- [TASK BRIEF] Without including any pictures, retype exactly the lines from the top of the records through the line containing "of L0.start L1.end", that final line included.

[Opening EXERCISE DATA section]

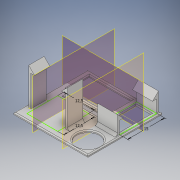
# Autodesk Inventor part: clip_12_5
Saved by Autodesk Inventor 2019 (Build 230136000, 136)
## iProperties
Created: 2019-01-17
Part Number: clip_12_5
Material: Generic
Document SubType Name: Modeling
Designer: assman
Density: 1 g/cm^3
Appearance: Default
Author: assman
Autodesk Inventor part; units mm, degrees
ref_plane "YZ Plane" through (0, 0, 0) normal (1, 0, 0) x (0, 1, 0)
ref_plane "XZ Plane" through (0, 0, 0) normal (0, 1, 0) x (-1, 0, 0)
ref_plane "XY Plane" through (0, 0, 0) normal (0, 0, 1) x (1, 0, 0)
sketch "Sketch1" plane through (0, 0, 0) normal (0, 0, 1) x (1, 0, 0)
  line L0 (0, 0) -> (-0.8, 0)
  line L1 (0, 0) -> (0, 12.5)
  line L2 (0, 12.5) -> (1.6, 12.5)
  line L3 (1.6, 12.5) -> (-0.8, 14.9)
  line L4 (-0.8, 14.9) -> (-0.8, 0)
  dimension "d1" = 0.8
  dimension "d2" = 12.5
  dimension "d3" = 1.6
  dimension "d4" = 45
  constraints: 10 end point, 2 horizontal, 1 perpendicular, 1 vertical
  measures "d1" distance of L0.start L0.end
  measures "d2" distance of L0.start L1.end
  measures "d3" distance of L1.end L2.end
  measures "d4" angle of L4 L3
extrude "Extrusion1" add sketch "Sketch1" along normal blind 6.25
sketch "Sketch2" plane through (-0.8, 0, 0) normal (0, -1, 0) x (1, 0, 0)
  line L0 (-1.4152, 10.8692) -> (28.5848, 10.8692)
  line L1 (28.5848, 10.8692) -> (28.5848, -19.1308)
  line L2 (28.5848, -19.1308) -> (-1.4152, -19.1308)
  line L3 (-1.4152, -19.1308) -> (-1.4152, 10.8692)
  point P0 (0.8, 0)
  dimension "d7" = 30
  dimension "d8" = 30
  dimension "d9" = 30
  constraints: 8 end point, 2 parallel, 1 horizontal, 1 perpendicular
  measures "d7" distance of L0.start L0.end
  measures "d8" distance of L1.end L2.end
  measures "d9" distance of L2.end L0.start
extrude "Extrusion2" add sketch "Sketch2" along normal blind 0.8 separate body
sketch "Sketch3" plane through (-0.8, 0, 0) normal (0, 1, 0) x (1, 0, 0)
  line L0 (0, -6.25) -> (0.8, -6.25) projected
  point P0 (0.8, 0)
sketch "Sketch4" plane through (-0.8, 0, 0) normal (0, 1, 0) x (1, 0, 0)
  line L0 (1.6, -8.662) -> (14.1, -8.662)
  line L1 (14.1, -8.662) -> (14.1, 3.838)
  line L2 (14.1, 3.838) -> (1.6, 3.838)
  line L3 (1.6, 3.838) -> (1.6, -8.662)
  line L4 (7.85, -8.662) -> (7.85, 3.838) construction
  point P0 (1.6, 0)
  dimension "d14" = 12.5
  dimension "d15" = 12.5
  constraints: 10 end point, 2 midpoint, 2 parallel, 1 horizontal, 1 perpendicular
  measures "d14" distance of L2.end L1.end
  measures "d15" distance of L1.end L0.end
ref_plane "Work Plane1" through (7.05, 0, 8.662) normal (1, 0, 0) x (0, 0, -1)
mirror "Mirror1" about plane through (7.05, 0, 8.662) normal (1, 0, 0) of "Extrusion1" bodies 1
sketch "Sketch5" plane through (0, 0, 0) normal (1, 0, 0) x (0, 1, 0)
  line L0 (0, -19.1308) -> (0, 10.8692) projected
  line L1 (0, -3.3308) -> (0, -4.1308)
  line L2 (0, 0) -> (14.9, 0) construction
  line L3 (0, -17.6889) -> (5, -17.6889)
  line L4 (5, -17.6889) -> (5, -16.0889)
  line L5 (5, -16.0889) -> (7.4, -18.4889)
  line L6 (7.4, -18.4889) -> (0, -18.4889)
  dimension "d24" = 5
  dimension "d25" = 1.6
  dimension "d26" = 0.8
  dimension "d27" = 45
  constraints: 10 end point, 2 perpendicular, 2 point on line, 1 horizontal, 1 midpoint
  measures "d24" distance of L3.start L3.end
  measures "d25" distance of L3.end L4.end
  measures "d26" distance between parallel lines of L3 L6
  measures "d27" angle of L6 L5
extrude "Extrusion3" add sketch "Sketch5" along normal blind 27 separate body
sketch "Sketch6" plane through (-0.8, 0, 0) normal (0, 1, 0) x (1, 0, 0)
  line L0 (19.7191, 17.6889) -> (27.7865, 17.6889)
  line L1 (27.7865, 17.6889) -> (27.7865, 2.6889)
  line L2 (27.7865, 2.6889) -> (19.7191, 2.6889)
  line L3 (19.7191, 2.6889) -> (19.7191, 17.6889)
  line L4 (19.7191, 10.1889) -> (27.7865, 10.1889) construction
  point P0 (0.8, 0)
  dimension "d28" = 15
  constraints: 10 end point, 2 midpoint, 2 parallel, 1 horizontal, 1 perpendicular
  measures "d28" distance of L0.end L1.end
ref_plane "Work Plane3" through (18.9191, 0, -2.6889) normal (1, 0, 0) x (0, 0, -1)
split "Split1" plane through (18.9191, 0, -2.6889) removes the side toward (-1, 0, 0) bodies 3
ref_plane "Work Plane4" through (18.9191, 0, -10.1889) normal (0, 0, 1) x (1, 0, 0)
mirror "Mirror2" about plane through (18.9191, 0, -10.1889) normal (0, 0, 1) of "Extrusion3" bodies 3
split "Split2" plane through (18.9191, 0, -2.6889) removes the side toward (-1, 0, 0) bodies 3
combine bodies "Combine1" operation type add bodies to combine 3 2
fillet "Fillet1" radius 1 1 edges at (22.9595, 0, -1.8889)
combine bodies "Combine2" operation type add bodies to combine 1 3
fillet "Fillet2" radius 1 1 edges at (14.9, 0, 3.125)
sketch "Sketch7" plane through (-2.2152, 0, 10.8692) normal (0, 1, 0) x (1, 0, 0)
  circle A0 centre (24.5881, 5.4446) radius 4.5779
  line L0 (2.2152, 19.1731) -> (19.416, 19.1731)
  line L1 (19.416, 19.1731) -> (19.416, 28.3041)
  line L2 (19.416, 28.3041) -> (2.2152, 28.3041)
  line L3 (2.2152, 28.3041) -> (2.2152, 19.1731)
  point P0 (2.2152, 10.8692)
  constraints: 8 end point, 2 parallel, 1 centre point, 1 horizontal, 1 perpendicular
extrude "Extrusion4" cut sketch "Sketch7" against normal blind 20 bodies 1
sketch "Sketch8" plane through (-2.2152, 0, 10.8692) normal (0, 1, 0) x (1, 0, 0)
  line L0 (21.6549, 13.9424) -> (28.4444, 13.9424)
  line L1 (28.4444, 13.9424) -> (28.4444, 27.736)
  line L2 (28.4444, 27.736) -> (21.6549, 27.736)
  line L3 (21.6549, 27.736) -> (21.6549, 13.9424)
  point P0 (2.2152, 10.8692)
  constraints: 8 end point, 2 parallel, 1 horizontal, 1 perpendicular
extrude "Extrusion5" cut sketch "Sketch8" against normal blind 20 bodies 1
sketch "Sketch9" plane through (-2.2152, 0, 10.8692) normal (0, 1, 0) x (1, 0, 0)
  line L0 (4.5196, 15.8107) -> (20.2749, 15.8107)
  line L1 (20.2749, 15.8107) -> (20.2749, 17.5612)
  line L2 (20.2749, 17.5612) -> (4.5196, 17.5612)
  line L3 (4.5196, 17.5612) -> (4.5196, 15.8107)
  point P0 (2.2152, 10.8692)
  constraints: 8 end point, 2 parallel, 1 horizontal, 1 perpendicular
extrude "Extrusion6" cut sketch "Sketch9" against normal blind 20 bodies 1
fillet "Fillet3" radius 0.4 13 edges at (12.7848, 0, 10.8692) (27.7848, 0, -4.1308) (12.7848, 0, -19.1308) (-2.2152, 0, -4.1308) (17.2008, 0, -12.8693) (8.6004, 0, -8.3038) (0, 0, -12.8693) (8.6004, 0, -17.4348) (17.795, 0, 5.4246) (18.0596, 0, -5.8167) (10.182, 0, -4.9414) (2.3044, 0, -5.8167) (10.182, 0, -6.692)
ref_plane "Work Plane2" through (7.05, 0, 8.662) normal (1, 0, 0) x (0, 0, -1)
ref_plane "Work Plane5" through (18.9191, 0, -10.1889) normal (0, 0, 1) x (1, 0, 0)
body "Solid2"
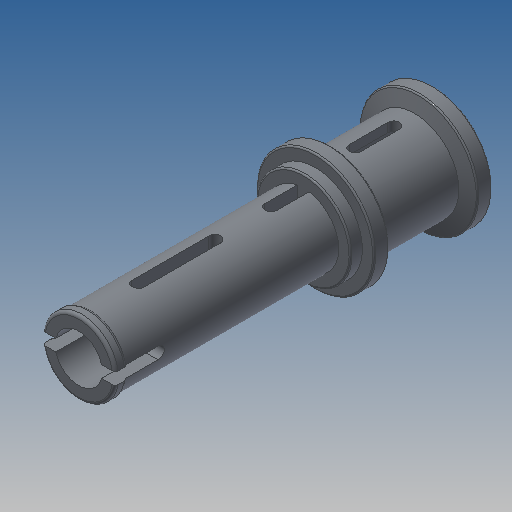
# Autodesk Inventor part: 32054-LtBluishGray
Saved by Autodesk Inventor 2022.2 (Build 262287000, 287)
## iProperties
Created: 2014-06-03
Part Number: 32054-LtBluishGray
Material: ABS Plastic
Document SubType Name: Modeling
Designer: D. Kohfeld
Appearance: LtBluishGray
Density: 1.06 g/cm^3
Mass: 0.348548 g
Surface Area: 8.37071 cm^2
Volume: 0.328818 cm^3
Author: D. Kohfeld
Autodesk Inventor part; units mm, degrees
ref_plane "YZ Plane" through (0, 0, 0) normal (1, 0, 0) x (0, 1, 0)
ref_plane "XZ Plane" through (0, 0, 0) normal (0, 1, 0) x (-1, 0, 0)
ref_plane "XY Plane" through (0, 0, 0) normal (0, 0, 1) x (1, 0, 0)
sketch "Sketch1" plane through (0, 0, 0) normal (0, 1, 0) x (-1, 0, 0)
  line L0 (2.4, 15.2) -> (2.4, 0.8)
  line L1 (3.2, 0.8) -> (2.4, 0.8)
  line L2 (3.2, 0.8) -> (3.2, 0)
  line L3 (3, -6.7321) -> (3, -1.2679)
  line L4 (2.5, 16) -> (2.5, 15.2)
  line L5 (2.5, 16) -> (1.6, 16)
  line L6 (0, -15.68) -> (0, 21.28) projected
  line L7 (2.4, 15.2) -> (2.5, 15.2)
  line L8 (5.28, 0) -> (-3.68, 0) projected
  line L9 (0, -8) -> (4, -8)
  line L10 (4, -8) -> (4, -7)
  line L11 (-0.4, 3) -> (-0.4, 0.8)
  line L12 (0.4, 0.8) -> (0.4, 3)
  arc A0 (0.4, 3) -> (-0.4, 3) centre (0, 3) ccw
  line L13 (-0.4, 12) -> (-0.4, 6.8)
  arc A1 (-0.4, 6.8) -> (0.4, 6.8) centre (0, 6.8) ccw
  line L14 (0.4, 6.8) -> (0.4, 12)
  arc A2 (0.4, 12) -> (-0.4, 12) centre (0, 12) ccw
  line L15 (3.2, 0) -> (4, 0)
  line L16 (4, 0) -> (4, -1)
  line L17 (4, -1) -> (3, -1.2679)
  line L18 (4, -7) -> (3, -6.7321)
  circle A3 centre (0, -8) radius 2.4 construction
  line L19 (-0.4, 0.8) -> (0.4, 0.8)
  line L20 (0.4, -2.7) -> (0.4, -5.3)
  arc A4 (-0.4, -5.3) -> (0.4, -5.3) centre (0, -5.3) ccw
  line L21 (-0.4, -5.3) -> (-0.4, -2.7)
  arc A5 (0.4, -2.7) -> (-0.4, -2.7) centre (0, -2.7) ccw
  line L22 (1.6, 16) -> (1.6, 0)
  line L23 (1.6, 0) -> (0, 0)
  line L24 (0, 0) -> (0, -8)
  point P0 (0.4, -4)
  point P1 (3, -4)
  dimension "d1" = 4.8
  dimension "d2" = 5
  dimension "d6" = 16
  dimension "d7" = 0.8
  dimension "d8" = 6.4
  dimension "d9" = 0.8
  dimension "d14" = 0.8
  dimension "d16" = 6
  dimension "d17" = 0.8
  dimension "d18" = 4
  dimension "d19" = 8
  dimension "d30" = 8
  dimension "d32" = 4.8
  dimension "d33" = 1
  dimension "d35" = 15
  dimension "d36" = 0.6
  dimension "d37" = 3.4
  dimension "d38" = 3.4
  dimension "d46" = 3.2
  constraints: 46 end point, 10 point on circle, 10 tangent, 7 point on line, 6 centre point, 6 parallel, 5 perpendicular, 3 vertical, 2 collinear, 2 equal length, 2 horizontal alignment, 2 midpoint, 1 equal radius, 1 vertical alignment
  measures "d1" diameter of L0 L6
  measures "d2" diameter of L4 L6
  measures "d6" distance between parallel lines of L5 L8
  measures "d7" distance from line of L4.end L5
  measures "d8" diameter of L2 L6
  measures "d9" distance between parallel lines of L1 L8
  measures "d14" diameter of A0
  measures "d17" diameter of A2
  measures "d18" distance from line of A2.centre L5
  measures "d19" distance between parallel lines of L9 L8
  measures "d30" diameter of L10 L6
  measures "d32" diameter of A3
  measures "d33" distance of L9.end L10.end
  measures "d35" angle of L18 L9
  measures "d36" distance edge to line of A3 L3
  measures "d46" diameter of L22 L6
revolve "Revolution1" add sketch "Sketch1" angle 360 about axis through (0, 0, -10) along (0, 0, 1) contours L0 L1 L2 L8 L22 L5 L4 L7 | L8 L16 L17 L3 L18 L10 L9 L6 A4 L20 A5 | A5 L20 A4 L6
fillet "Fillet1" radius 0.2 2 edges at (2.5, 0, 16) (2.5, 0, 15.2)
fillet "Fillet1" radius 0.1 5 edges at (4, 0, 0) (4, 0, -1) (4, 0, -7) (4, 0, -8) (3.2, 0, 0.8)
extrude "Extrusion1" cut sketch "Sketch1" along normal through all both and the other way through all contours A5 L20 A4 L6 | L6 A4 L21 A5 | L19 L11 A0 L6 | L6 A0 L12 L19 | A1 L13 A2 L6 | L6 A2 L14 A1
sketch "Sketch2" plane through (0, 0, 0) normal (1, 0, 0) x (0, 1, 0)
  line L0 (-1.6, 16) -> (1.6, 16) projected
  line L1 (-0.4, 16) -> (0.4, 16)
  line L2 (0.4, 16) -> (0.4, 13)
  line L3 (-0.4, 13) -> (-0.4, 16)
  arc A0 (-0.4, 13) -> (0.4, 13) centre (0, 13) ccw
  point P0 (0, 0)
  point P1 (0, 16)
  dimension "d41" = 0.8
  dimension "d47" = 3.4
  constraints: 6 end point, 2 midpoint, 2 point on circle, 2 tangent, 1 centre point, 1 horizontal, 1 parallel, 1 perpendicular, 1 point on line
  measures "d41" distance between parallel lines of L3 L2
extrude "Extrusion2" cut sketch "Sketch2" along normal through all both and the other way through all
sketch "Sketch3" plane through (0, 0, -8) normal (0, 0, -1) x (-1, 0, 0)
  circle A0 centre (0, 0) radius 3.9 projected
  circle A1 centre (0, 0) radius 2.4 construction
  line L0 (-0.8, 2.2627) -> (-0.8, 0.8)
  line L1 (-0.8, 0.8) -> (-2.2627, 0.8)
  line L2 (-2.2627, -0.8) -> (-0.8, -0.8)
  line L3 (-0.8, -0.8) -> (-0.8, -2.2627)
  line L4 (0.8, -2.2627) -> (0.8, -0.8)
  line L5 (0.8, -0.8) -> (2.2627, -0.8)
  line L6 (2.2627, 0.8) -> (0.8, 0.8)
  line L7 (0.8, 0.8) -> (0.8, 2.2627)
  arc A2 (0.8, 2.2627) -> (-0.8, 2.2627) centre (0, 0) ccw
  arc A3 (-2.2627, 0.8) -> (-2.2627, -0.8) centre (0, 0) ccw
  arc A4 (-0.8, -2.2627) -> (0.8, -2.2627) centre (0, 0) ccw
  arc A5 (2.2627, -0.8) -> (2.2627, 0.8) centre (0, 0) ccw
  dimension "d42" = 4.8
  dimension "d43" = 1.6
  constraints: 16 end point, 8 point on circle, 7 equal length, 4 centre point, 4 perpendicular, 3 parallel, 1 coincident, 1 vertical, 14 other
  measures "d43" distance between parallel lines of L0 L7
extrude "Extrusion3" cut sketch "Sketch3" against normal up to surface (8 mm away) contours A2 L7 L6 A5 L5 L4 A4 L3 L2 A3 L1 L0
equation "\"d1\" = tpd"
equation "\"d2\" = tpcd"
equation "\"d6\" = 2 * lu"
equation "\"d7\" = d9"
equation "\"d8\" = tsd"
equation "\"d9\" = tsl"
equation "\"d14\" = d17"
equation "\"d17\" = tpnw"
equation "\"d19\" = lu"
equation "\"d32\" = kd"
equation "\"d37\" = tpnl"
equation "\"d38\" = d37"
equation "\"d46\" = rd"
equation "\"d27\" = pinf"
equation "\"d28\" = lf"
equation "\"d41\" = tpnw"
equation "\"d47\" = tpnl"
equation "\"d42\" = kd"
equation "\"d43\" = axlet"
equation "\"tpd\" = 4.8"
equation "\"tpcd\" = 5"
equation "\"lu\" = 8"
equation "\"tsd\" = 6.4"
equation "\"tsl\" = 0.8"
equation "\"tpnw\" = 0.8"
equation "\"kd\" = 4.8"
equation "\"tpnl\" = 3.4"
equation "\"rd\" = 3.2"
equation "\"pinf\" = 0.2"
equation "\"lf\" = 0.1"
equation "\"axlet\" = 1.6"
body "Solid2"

[Closing EXERCISE DATA section]

- [WRITTEN SOLUTION]
# Autodesk Inventor part: clip_12_5
Saved by Autodesk Inventor 2019 (Build 230136000, 136)
## iProperties
Created: 2019-01-17
Part Number: clip_12_5
Material: Generic
Document SubType Name: Modeling
Designer: assman
Density: 1 g/cm^3
Appearance: Default
Author: assman
Autodesk Inventor part; units mm, degrees
ref_plane "YZ Plane" through (0, 0, 0) normal (1, 0, 0) x (0, 1, 0)
ref_plane "XZ Plane" through (0, 0, 0) normal (0, 1, 0) x (-1, 0, 0)
ref_plane "XY Plane" through (0, 0, 0) normal (0, 0, 1) x (1, 0, 0)
sketch "Sketch1" plane through (0, 0, 0) normal (0, 0, 1) x (1, 0, 0)
  line L0 (0, 0) -> (-0.8, 0)
  line L1 (0, 0) -> (0, 12.5)
  line L2 (0, 12.5) -> (1.6, 12.5)
  line L3 (1.6, 12.5) -> (-0.8, 14.9)
  line L4 (-0.8, 14.9) -> (-0.8, 0)
  dimension "d1" = 0.8
  dimension "d2" = 12.5
  dimension "d3" = 1.6
  dimension "d4" = 45
  constraints: 10 end point, 2 horizontal, 1 perpendicular, 1 vertical
  measures "d1" distance of L0.start L0.end
  measures "d2" distance of L0.start L1.end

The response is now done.